# dogs take out llama



## westbrook (May 10, 2002)

interesting article on yahoo today

dogs kill llama - they look like coy-dogs

http://news.yahoo.com/s/yblog_thelo...oodthirsty-pack-of-dogs-take-out-350-lb-llama


----------



## wolffeathers (Dec 20, 2010)

The one the picture is focused on, doesn't look much like a domestic dog to me. 

If this pack has killed so much and so often, I'm surprised people have set out trapping and shooting them.


----------



## mawalla (Oct 28, 2002)

I'd have been shooting it with something other than a camera!


----------



## wendle (Feb 22, 2006)

One looks like a wolf, the other a dog. I'd be shooting already too. One thing I noticed about Llamas, they really aren't a match for something serious, at least the ones I've seen. Their defense is about as much as a cow or horse. A dog can move a cow, and possibly a horse if he lives. On the other hand a lgd is respected by other dogs, because his size and attitude. Nobody messes with the lgd around here. I've had dogs go after my lgd, only to be efficiently put in their place, then they never messed with him again. the Llama only could put weak dogs in their place. 
I am glad I have my lgd. Today the funny boy was trying to help move a cow, trying to help the border collies . He was actually barking at it and got kicked. Who knows why. I guess he isn't quite the livestock cattle herding dog.


----------



## beccachow (Nov 8, 2008)

This is sadder and sadder.


----------



## Goatress (Feb 4, 2011)

Hells' bells thats no dog its either a coy-dog or big coyote. I am rather shocked at the inaction of the people overall - over 100 head of dead stock and no one is shooting or trapping by now?


----------



## ginnie5 (Jul 15, 2003)

so does no one out there have lgd's? No rifles? If something was out there bothering the chickens Tucker would be on it in a skinny minute! Don't mess with his chickens or his children. And especially don't mess with his mama! Friend was over the other day, one who has watched Tucker when we have been gone, who is over here a lot of weekends, Tucker knows him, but he hugged me the other weekend as he was leaving and it took about 2 seconds for Tucker to be there standing up against me guarding me. It was kinda funny. Around here there would be hunting squads out to shoot these dogs.


----------



## mekasmom (Jan 19, 2010)

If there are a pack of 4-6 of those coyotes/coy dogs one LGD could probably keep them away, but it would take more than one to kill them off. I don't understand why people aren't sitting out at night to take them out? Perhaps the area is bunny hugger central or something? They took down a 350lb animal. A kid, teen, or even a human wouldn't be an issue for them to kill. They do need to be destroyed.


----------



## Laurie J (Mar 9, 2005)

Seems to me that they should be able to get them too. This is actually in the area that my parents live in northeast Washington. A very large farming area, and no they are definitely not bunny huggers there! A bunch of hicks maybe, and definitely down-home farmers! I do know that the attacks have been miles apart and really random, so it's probably hard to know when/where the next attack will be. There is also timberland around, so they are probably hiding out during the day. Glad my parents don't have any livestock!


----------



## Goatress (Feb 4, 2011)

mekasmom said:


> If there are a pack of 4-6 of those coyotes/coy dogs one LGD could probably keep them away, but it would take more than one to kill them off. I don't understand why people aren't sitting out at night to take them out? Perhaps the area is bunny hugger central or something? They took down a 350lb animal. A kid, teen, or even a human wouldn't be an issue for them to kill. They do need to be destroyed.

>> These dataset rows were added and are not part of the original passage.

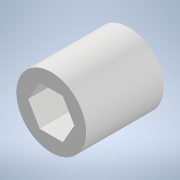
# Autodesk Inventor part: tubo
Saved by Autodesk Inventor 2020.3 (Build 243373000, 373)
## iProperties
Created: 2021-02-02
Part Number: tubo
Material: Generic
Document SubType Name: Modeling
Designer: Yu Jinyu
Density: 1 g/cm^3
Appearance: Default
Author: Yu Jinyu
Autodesk Inventor part; units mm, degrees
ref_plane "YZ Plane" through (0, 0, 0) normal (1, 0, 0) x (0, 1, 0)
ref_plane "XZ Plane" through (0, 0, 0) normal (0, 1, 0) x (-1, 0, 0)
ref_plane "XY Plane" through (0, 0, 0) normal (0, 0, 1) x (1, 0, 0)
sketch "Sketch1" plane through (0, 0, 0) normal (0, 0, 1) x (1, 0, 0)
  circle A0 centre (0, 0) radius 11.25
  dimension "d0" = 22.5
  constraints: 1 centre point, 1 coincident
  measures "d0" diameter of A0
extrude "Extrusion1" add sketch "Sketch1" along normal blind 25
sketch "Sketch2" plane through (0, 0, 0) normal (0, 0, -1) x (-1, 0, 0)
  line L0 (7.6788, 0) -> (3.8394, -6.65)
  line L1 (3.8394, -6.65) -> (-3.8394, -6.65)
  line L2 (-3.8394, -6.65) -> (-7.6788, 0)
  line L3 (-7.6788, 0) -> (-3.8394, 6.65)
  line L4 (-3.8394, 6.65) -> (3.8394, 6.65)
  line L5 (3.8394, 6.65) -> (7.6788, 0)
  point P0 (0, 0)
  point P1 (0, 0)
  dimension "d3" = 13.3
  constraints: 12 end point, 1 coincident, 13 other
  measures "d3" distance between parallel lines of L2 L5
extrude "Extrusion2" cut sketch "Sketch2" against normal blind 30
sketch "Sketch3" plane through (0, 0, 25) normal (0, 0, 1) x (1, 0, 0)
  line L0 (3.8394, 6.65) -> (7.6788, 0) projected
  line L1 (7.6788, 0) -> (3.8394, -6.65) projected
  line L2 (3.8394, -6.65) -> (-3.8394, -6.65) projected
  line L3 (-3.8394, -6.65) -> (-7.6788, 0) projected
  line L4 (-7.6788, 0) -> (-3.8394, 6.65) projected
  line L5 (-3.8394, 6.65) -> (3.8394, 6.65) projected
  circle A0 centre (0, 0) radius 11.25 projected
extrude "Extrusion3" add sketch "Sketch3" along normal blind 10
body "Solid1"

"Bunny hugger central" I was thinking the same thing....
"It can't happen in MY backyard!" mentality.....anyhow, no excuse for them or the sheriff not shooting them...


----------



## CarolT (Mar 12, 2009)

Looked more wolf than coyote to me. No expert, but have to wonder if someone's hybrid (or even some of the stocked wolves) is in that picture?


----------



## Ross (May 9, 2002)

Yup the only thing that is going to work 100% is hunting and trapping them out of existance.


----------



## Laurie J (Mar 9, 2005)

I totally agree that hunting and trapping are the way to eliminate these animals. However, the liberal majority in the Seattle area of our state passed a trapping ban into law a few years ago, and the only way to trap is with a live trap (to be released somewhere else!) It is even illegal to trap MOLES in our ridiculous state, as well as to even OWN a mole trap! These same crazy liberals who haven't got a clue have got wolves being introduced back into our state, and they are PROTECTED! In this same area as the dog attacks, my husband has seen wolves while hunting. Not hybrids.....real wolves. 

Hunting is the only legal way to take care of them here, and like I said, they are making random, nighttime attacks in a very large area, and they have only been spotted with motion-sensor cameras. 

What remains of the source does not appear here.